# Trend Router lathe



## MikeJhn (25 Sep 2017)

Just bought a Trend Router lathe off e-bay at a good price, anyone have any tips or comments on how to get the best out of it, it has the manual and all the available accessories with it, I have four different router to choose from, from a Katsu up too a 2.5HP Hitachi so not lacking a powerful or detail unit to attach to it, just looking for some hint and tips from those who have/had one.

Mike


----------



## SVB (25 Sep 2017)

One listed in for sale section now. Owner may be worth a PM?


----------



## dickm (25 Sep 2017)

Got one from the tip in Newport Pagnell years ago and tried to get on with it but failed.
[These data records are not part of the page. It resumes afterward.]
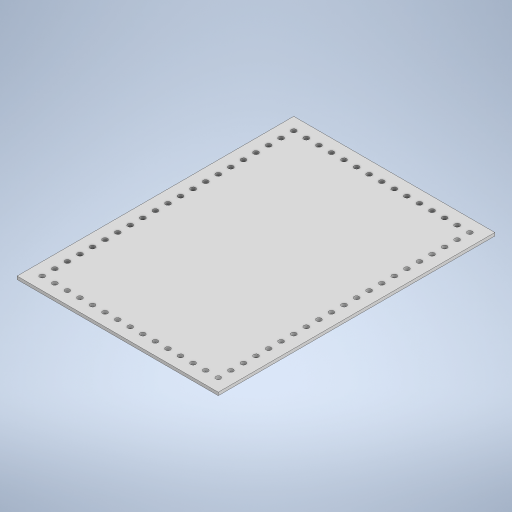
# Autodesk Inventor part: Top Plate
Saved by Autodesk Inventor 2023.4 (Build 274418000, 418)
## iProperties
Created: 2023-12-24
Part Number: Top Plate
Material: Generic
Document SubType Name: Sheet Metal
Designer: amrom
Density: 1 g/cm^3
Sheet Metal Rule: Default
Appearance: Default
Author: amrom
Autodesk Inventor part; units mm, degrees
ref_plane "YZ Plane" through (0, 0, 0) normal (1, 0, 0) x (0, 1, 0)
ref_plane "XZ Plane" through (0, 0, 0) normal (0, 1, 0) x (-1, 0, 0)
ref_plane "XY Plane" through (0, 0, 0) normal (0, 0, 1) x (1, 0, 0)
sketch "Sketch1" plane through (0, 0, 0) normal (0, 1, 0) x (-1, 0, 0)
  line L0 (0, 0) -> (203.2, 0)
  line L1 (203.2, 0) -> (203.2, -279.4)
  line L2 (203.2, -279.4) -> (0, -279.4)
  line L3 (0, -279.4) -> (0, 0)
  dimension "d0" = 203.2
  dimension "d1" = 279.4
  measures "d0" distance of L1.end L2.end
  measures "d1" distance of L0.end L1.end
extrude "Plate1" add sketch "Sketch1" along normal blind 3.048
sketch "Sketch2" plane through (0, 3.048, 0) normal (0, 1, 0) x (1, 0, 0)
  circle A0 centre (-12.7, 12.7) radius 2.5019
  line L0 (0, 0) -> (-203.2, 0) projected
  line L1 (0, 279.4) -> (0, 0) projected
  circle A1 centre (-25.4, 12.7) radius 2.5019
  circle A2 centre (-38.1, 12.7) radius 2.5019
  circle A3 centre (-50.8, 12.7) radius 2.5019
  circle A4 centre (-63.5, 12.7) radius 2.5019
  circle A5 centre (-76.2, 12.7) radius 2.5019
  circle A6 centre (-88.9, 12.7) radius 2.5019
  circle A7 centre (-101.6, 12.7) radius 2.5019
  circle A8 centre (-114.3, 12.7) radius 2.5019
  circle A9 centre (-127, 12.7) radius 2.5019
  circle A10 centre (-139.7, 12.7) radius 2.5019
  circle A11 centre (-152.4, 12.7) radius 2.5019
  circle A12 centre (-165.1, 12.7) radius 2.5019
  circle A13 centre (-177.8, 12.7) radius 2.5019
  circle A14 centre (-190.5, 12.7) radius 2.5019
  line L2 (-203.2, 0) -> (-203.2, 279.4) projected
  circle A15 centre (-190.5, 25.4) radius 2.5019
  circle A16 centre (-190.5, 38.1) radius 2.5019
  circle A17 centre (-190.5, 50.8) radius 2.5019
  circle A18 centre (-190.5, 63.5) radius 2.5019
  circle A19 centre (-190.5, 76.2) radius 2.5019
  circle A20 centre (-190.5, 88.9) radius 2.5019
  circle A21 centre (-190.5, 101.6) radius 2.5019
  circle A22 centre (-190.5, 114.3) radius 2.5019
  circle A23 centre (-190.5, 127) radius 2.5019
  circle A24 centre (-190.5, 139.7) radius 2.5019
  circle A25 centre (-190.5, 152.4) radius 2.5019
  circle A26 centre (-190.5, 165.1) radius 2.5019
  circle A27 centre (-190.5, 177.8) radius 2.5019
  circle A28 centre (-190.5, 190.5) radius 2.5019
  circle A29 centre (-190.5, 203.2) radius 2.5019
  circle A30 centre (-190.5, 215.9) radius 2.5019
  circle A31 centre (-190.5, 228.6) radius 2.5019
  circle A32 centre (-190.5, 241.3) radius 2.5019
  circle A33 centre (-190.5, 254) radius 2.5019
  circle A34 centre (-190.5, 266.7) radius 2.5019
  line L3 (-203.2, 279.4) -> (0, 279.4) projected
  circle A35 centre (-177.8, 266.7) radius 2.5019
  circle A36 centre (-165.1, 266.7) radius 2.5019
  circle A37 centre (-152.4, 266.7) radius 2.5019
  circle A38 centre (-139.7, 266.7) radius 2.5019
  circle A39 centre (-127, 266.7) radius 2.5019
  circle A40 centre (-114.3, 266.7) radius 2.5019
  circle A41 centre (-101.6, 266.7) radius 2.5019
  circle A42 centre (-88.9, 266.7) radius 2.5019
  circle A43 centre (-76.2, 266.7) radius 2.5019
  circle A44 centre (-63.5, 266.7) radius 2.5019
  circle A45 centre (-50.8, 266.7) radius 2.5019
  circle A46 centre (-38.1, 266.7) radius 2.5019
  circle A47 centre (-25.4, 266.7) radius 2.5019
  circle A48 centre (-12.7, 266.7) radius 2.5019
  circle A49 centre (-12.7, 254) radius 2.5019
  circle A50 centre (-12.7, 241.3) radius 2.5019
  circle A51 centre (-12.7, 228.6) radius 2.5019
  circle A52 centre (-12.7, 215.9) radius 2.5019
  circle A53 centre (-12.7, 203.2) radius 2.5019
  circle A54 centre (-12.7, 190.5) radius 2.5019
  circle A55 centre (-12.7, 177.8) radius 2.5019
  circle A56 centre (-12.7, 165.1) radius 2.5019
  circle A57 centre (-12.7, 152.4) radius 2.5019
  circle A58 centre (-12.7, 139.7) radius 2.5019
  circle A59 centre (-12.7, 127) radius 2.5019
  circle A60 centre (-12.7, 114.3) radius 2.5019
  circle A61 centre (-12.7, 101.6) radius 2.5019
  circle A62 centre (-12.7, 88.9) radius 2.5019
  circle A63 centre (-12.7, 76.2) radius 2.5019
  circle A64 centre (-12.7, 63.5) radius 2.5019
  circle A65 centre (-12.7, 50.8) radius 2.5019
  circle A66 centre (-12.7, 38.1) radius 2.5019
  circle A67 centre (-12.7, 25.4) radius 2.5019
  dimension "d3" = 5.0038
  dimension "d4" = 12.7
  dimension "d5" = 12.7
  dimension "d8" = 12.7
  dimension "d13" = 5.0038
  dimension "d15" = 12.7
  dimension "d16" = 12.7
  dimension "d19" = 12.7
  dimension "d24" = 5.0038
  dimension "d25" = 12.7
  dimension "d26" = 12.7
  dimension "d29" = 12.7
  dimension "d34" = 5.0038
  dimension "d35" = 12.7
  dimension "d36" = 12.7
  dimension "d39" = 12.7
  constraints: 68 centre point, 2 horizontal, 2 vertical, 128 other
  measures "d3" diameter of A0
  measures "d4" distance from line of L0 A0.centre
  measures "d5" distance from line of L1 A0.centre
  measures "d8" distance of A0.centre A1.centre
  measures "d13" diameter of A14
  measures "d15" distance from line of L2 A14.centre
  measures "d16" distance from line of L0 A14.centre
  measures "d19" distance of A14.centre A15.centre
  measures "d24" diameter of A34
  measures "d25" distance from line of L3 A34.centre
  measures "d26" distance from line of L2 A34.centre
  measures "d29" distance of A34.centre A35.centre
  measures "d34" diameter of A48
  measures "d35" distance from line of L1 A48.centre
  measures "d36" distance from line of L3 A48.centre
  measures "d39" distance of A48.centre A49.centre
extrude "Extrusion1" cut sketch "Sketch2" against normal blind 25.4 contours A0 | A1 | A2 | A3 | A4 | A5 | A6 | A7 | A8 | A9 | A10 | A11 | A12 | A13 | A14 | A15 | A16 | A17 | A18 | A19 | A20 | A21 | A22 | A23 | A24 | A25 | A26 | A27 | A28 | A29 | A30 | A31 | A32 | A33 | A34 | A35 | A36 | A37 | A38 | A39 | A40 | A41 | A42 | A43 | A44 | A45 | A46 | A47 | A48 | A49 | A50 | A51 | A52 | A53 | A54 | A55 | A56 | A57 | A58 | A59 | A60 | A61 | A62 | A63 | A64 | A65 | A66 | A67
equation "\"d2\" = Thickness"
equation "\"BendRadius\" = Thickness"
equation "\"BendReliefWidth\" = Thickness"
equation "\"BendReliefDepth\" = 0.5 * Thickness"
equation "\"CornerReliefSize\" = 4 * Thickness"
equation "\"MinimumRemnant\" = 2 * Thickness"
equation "\"TransitionRadius\" = BendRadius"
equation "\"JacobiRadiusSize\" = BendRadius"
equation "\"GapSize\" = Thickness"
equation "\"Thickness\" = 3.048"
body "Solid1"

Whoever it was on the forum who bought it off me probably worked out how to use it properly :?


----------



## bugbear (26 Sep 2017)

SVB":1novvvc3 said:


> One listed in for sale section now. Owner may be worth a PM?



Good idea - this thread:

post1174760.html?hilit=router#p1174760

And this one (a year ago)

post1066799.html?hilit=%20router%20lathe%20#p1066799

BugBear


----------



## MikeJhn (27 Sep 2017)

Anyone know where I can source a replacement cable, thinking of getting a cycle cable, can sorse one at 3500mm long, but don't know if its long enough anyone know?

Mike


----------



## dickm (27 Sep 2017)

Well, the whole thing is about a metre long and if I recall correctly, the cable runs from end to end and back, with a few extra turns. So 3500mm should be plenty. But best to ask someone who still has the "lathe"!


----------



## MikeJoh (27 Sep 2017)

Found 3mm Bowden cable on e-bay in any length so no longer a problem.

Mike


----------



## MikeJhn (29 Sep 2017)

Also found these: https://www.amazon.co.uk/Ajax-Scientifi ... QBYS9FS3HW and 25mm ones further down the page, so it looks as though I am sorted for spares of the items that break most often, will post again when they all turn up.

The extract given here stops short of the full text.